Top of DATA UNDER STUDY

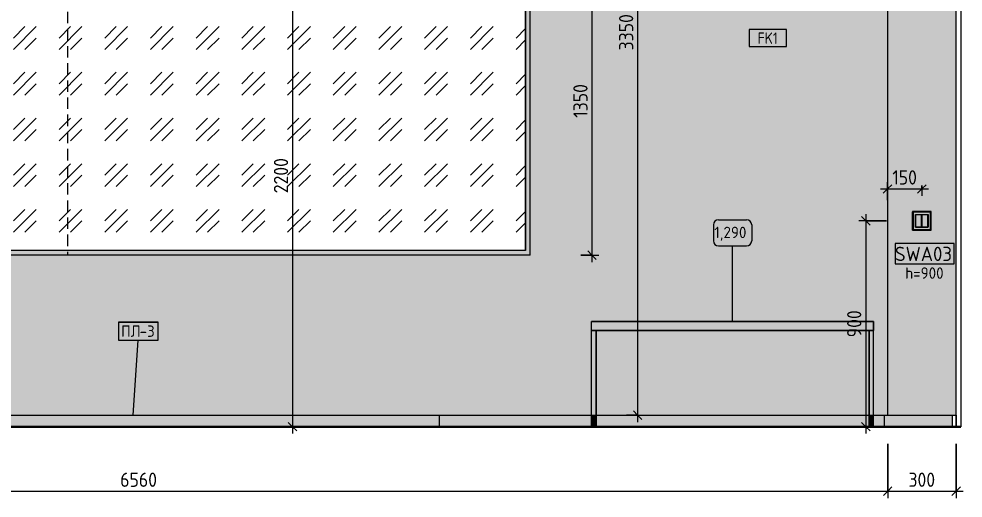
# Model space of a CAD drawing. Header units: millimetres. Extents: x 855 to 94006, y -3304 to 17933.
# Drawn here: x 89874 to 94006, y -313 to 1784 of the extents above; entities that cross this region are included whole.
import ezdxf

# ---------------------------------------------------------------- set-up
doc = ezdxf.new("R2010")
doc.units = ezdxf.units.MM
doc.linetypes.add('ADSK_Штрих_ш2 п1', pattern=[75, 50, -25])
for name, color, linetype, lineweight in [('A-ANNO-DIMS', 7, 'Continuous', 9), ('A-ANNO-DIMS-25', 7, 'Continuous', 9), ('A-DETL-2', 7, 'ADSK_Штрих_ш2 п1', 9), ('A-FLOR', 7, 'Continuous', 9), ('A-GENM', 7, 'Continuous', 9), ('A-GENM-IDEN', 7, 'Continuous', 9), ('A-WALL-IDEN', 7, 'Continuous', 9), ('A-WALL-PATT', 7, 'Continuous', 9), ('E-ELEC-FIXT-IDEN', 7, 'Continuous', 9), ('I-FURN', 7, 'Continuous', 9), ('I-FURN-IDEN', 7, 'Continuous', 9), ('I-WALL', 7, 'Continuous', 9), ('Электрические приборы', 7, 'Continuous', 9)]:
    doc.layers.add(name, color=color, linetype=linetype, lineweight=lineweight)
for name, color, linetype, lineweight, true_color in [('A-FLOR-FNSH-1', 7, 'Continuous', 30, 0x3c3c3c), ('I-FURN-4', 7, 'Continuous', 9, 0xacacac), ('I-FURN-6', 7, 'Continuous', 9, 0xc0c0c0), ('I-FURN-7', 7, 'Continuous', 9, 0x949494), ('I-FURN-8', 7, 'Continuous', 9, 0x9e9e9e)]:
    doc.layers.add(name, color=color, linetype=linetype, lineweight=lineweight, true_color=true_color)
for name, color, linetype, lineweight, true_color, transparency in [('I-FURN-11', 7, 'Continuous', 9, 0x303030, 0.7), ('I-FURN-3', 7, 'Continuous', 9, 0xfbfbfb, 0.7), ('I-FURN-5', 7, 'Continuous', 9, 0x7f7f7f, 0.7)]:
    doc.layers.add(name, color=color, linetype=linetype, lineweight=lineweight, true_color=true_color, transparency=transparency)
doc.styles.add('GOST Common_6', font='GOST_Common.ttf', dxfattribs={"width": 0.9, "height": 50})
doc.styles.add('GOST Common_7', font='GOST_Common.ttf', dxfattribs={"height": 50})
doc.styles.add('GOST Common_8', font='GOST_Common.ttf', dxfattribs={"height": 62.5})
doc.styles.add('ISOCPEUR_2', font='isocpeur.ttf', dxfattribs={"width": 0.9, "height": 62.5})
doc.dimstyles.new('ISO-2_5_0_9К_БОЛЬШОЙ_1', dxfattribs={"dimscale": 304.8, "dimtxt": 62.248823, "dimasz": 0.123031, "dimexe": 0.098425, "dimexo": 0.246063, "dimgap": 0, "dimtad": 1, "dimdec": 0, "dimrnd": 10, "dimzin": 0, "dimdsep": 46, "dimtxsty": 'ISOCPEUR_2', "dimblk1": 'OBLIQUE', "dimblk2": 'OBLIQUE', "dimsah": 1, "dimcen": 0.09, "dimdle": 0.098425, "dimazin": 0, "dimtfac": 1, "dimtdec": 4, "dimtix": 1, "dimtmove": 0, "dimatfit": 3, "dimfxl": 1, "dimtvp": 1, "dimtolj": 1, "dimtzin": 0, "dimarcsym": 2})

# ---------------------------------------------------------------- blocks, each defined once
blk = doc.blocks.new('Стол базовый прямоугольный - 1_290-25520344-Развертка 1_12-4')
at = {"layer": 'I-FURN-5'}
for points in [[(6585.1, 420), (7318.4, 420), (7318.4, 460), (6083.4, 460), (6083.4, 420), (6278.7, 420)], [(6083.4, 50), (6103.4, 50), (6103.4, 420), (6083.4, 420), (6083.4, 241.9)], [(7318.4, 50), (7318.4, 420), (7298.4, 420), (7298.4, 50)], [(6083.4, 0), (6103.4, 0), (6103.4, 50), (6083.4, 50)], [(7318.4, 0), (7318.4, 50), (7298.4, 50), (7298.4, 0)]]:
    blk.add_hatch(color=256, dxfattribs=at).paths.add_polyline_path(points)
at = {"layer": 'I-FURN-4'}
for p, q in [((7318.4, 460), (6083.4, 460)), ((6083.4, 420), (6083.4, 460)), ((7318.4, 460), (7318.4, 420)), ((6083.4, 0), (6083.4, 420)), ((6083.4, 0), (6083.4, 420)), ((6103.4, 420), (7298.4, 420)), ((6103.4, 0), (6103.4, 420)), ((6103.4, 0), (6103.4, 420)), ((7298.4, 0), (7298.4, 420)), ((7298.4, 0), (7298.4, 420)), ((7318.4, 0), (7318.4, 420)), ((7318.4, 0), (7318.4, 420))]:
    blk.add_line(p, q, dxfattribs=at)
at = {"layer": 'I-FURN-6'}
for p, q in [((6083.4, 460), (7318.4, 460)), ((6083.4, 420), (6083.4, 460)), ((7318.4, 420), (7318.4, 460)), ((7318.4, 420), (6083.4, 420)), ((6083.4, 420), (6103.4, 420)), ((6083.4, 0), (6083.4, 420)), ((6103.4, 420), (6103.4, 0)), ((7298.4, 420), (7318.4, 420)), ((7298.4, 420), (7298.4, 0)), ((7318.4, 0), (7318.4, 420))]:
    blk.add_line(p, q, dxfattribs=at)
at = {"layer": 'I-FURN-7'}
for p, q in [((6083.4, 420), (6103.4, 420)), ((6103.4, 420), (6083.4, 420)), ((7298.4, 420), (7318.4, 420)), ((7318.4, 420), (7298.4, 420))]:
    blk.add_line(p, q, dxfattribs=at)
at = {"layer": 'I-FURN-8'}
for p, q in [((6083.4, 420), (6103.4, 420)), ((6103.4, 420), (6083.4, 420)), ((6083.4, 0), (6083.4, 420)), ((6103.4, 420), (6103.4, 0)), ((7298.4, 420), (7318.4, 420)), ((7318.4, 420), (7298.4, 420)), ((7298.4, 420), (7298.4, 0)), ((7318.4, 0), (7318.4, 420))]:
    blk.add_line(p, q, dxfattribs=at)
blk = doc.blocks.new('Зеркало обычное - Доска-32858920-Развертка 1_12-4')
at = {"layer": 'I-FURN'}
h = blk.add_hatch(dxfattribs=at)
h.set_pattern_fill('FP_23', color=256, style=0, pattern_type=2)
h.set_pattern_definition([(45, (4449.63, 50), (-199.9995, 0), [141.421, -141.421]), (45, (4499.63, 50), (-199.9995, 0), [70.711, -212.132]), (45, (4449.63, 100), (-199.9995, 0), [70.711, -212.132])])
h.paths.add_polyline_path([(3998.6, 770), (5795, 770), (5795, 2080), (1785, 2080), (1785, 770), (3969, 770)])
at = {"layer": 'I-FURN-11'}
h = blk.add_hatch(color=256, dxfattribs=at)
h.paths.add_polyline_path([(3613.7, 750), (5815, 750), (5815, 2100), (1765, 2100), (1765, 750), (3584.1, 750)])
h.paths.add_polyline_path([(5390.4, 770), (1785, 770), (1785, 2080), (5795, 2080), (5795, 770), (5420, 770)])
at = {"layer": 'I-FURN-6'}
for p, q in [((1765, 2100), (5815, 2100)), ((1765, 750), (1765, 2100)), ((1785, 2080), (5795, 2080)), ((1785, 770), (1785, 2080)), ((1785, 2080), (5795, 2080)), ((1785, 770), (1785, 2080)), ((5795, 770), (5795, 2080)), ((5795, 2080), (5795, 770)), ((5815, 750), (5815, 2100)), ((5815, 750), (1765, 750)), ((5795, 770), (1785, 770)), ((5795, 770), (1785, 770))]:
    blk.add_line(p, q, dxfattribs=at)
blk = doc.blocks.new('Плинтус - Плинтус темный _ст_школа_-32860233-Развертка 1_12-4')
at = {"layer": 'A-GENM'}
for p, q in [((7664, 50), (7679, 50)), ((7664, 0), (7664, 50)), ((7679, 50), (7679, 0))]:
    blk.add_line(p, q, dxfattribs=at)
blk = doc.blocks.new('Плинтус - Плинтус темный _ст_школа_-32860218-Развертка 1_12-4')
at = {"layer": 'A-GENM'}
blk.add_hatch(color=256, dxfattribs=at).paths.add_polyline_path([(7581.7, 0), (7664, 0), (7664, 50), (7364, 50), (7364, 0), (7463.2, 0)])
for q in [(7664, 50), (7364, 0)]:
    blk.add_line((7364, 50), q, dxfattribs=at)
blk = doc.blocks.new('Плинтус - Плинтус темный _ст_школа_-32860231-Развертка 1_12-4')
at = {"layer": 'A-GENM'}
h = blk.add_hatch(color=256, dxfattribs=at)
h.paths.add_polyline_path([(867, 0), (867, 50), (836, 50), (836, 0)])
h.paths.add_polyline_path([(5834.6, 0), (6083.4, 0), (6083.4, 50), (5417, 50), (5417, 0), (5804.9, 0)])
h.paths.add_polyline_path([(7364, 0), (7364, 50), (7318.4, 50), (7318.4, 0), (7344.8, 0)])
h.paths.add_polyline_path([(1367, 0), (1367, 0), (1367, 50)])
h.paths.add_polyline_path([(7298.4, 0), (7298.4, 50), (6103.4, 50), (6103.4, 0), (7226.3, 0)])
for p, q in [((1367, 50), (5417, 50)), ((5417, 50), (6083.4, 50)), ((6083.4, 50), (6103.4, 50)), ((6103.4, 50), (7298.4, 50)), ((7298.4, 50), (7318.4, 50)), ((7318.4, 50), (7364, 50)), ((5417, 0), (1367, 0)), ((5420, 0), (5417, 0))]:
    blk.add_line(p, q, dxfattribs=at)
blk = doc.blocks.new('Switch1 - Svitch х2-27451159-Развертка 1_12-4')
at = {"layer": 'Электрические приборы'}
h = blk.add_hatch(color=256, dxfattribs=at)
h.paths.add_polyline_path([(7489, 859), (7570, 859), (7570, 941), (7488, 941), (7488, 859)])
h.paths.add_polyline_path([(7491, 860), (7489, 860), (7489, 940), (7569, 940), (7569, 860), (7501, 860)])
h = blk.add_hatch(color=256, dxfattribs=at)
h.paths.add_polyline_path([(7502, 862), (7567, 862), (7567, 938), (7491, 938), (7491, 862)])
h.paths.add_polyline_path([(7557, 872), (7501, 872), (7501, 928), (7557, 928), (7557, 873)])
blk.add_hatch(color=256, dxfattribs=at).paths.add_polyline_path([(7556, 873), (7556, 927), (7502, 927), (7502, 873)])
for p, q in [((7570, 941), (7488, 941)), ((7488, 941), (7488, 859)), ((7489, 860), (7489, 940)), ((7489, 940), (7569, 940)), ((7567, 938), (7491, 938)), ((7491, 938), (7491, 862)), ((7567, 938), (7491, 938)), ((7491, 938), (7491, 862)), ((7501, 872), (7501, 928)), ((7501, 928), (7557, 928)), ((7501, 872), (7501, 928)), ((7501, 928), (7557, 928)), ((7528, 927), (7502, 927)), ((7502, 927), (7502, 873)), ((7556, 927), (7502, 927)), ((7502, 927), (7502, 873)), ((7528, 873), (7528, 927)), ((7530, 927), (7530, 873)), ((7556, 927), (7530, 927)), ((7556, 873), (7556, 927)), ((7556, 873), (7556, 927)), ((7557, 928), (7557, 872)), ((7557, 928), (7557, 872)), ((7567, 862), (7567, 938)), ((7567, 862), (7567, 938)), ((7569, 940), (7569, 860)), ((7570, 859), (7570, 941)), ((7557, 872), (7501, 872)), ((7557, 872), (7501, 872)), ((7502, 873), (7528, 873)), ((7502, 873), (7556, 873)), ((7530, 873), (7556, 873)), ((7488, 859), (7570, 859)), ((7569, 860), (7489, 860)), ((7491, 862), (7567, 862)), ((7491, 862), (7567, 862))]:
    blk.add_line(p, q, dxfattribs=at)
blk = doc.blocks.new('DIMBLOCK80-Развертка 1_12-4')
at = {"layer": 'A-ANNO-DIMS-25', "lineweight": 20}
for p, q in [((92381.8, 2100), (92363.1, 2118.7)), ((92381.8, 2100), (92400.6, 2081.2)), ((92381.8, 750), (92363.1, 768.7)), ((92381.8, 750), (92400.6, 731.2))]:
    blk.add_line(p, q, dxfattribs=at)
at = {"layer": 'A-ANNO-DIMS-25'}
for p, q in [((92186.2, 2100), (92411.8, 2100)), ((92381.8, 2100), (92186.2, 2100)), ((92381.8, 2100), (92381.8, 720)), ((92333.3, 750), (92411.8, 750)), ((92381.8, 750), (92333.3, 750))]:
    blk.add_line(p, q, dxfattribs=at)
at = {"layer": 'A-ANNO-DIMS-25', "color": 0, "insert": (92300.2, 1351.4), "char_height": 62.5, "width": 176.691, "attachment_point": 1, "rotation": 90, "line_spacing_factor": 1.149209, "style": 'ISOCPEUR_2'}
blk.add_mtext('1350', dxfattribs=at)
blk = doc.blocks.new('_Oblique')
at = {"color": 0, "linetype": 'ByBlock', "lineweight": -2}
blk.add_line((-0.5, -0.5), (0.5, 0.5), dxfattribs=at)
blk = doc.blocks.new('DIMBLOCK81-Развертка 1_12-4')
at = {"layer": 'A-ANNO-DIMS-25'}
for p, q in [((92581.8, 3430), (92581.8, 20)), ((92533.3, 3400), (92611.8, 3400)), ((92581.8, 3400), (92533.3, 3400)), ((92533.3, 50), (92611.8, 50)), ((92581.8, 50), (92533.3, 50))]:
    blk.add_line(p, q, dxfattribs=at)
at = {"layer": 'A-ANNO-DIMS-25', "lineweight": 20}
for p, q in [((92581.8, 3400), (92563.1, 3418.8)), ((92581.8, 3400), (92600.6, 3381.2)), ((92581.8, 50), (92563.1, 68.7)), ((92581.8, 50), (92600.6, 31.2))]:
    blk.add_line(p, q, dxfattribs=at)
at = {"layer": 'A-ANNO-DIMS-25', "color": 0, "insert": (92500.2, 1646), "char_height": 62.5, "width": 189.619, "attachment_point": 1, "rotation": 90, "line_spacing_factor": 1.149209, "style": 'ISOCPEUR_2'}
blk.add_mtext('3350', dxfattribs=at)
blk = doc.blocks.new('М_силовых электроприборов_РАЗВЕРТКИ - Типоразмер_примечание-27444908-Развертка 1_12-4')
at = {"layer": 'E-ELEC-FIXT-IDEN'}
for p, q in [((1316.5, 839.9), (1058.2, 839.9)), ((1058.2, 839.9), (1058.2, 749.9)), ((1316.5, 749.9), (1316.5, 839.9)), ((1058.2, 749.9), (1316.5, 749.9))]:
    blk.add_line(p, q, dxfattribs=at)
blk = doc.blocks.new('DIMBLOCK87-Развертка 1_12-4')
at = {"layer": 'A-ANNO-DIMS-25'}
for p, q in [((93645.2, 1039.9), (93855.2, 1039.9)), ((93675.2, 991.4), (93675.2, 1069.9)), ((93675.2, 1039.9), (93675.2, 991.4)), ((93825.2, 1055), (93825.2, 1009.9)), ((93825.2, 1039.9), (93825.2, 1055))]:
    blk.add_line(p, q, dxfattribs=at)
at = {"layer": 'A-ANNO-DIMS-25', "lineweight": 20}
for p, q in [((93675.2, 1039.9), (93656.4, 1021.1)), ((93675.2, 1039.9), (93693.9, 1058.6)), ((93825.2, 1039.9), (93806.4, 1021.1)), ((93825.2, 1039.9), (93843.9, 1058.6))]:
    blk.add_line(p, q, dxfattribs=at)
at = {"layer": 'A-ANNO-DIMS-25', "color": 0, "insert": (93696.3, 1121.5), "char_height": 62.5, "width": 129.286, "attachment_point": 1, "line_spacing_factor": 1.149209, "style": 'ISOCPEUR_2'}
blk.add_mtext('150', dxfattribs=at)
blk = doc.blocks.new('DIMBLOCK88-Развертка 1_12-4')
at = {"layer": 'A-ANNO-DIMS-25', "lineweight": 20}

Bottom of DATA UNDER STUDY

**EXERCISE AIM:** The reply should hold only the lines running from the top of the records to the line containing "doc.linetypes.add('ADSK_Штрих_ш2 п1', pattern=[75, 50, -25])", both included, copied exactly with no pictures.

**RESULT FOR THIS TASK:**
# Model space of a CAD drawing. Header units: millimetres. Extents: x 855 to 94006, y -3304 to 17933.
# Drawn here: x 89874 to 94006, y -313 to 1784 of the extents above; entities that cross this region are included whole.
import ezdxf

# ---------------------------------------------------------------- set-up
doc = ezdxf.new("R2010")
doc.units = ezdxf.units.MM
doc.linetypes.add('ADSK_Штрих_ш2 п1', pattern=[75, 50, -25])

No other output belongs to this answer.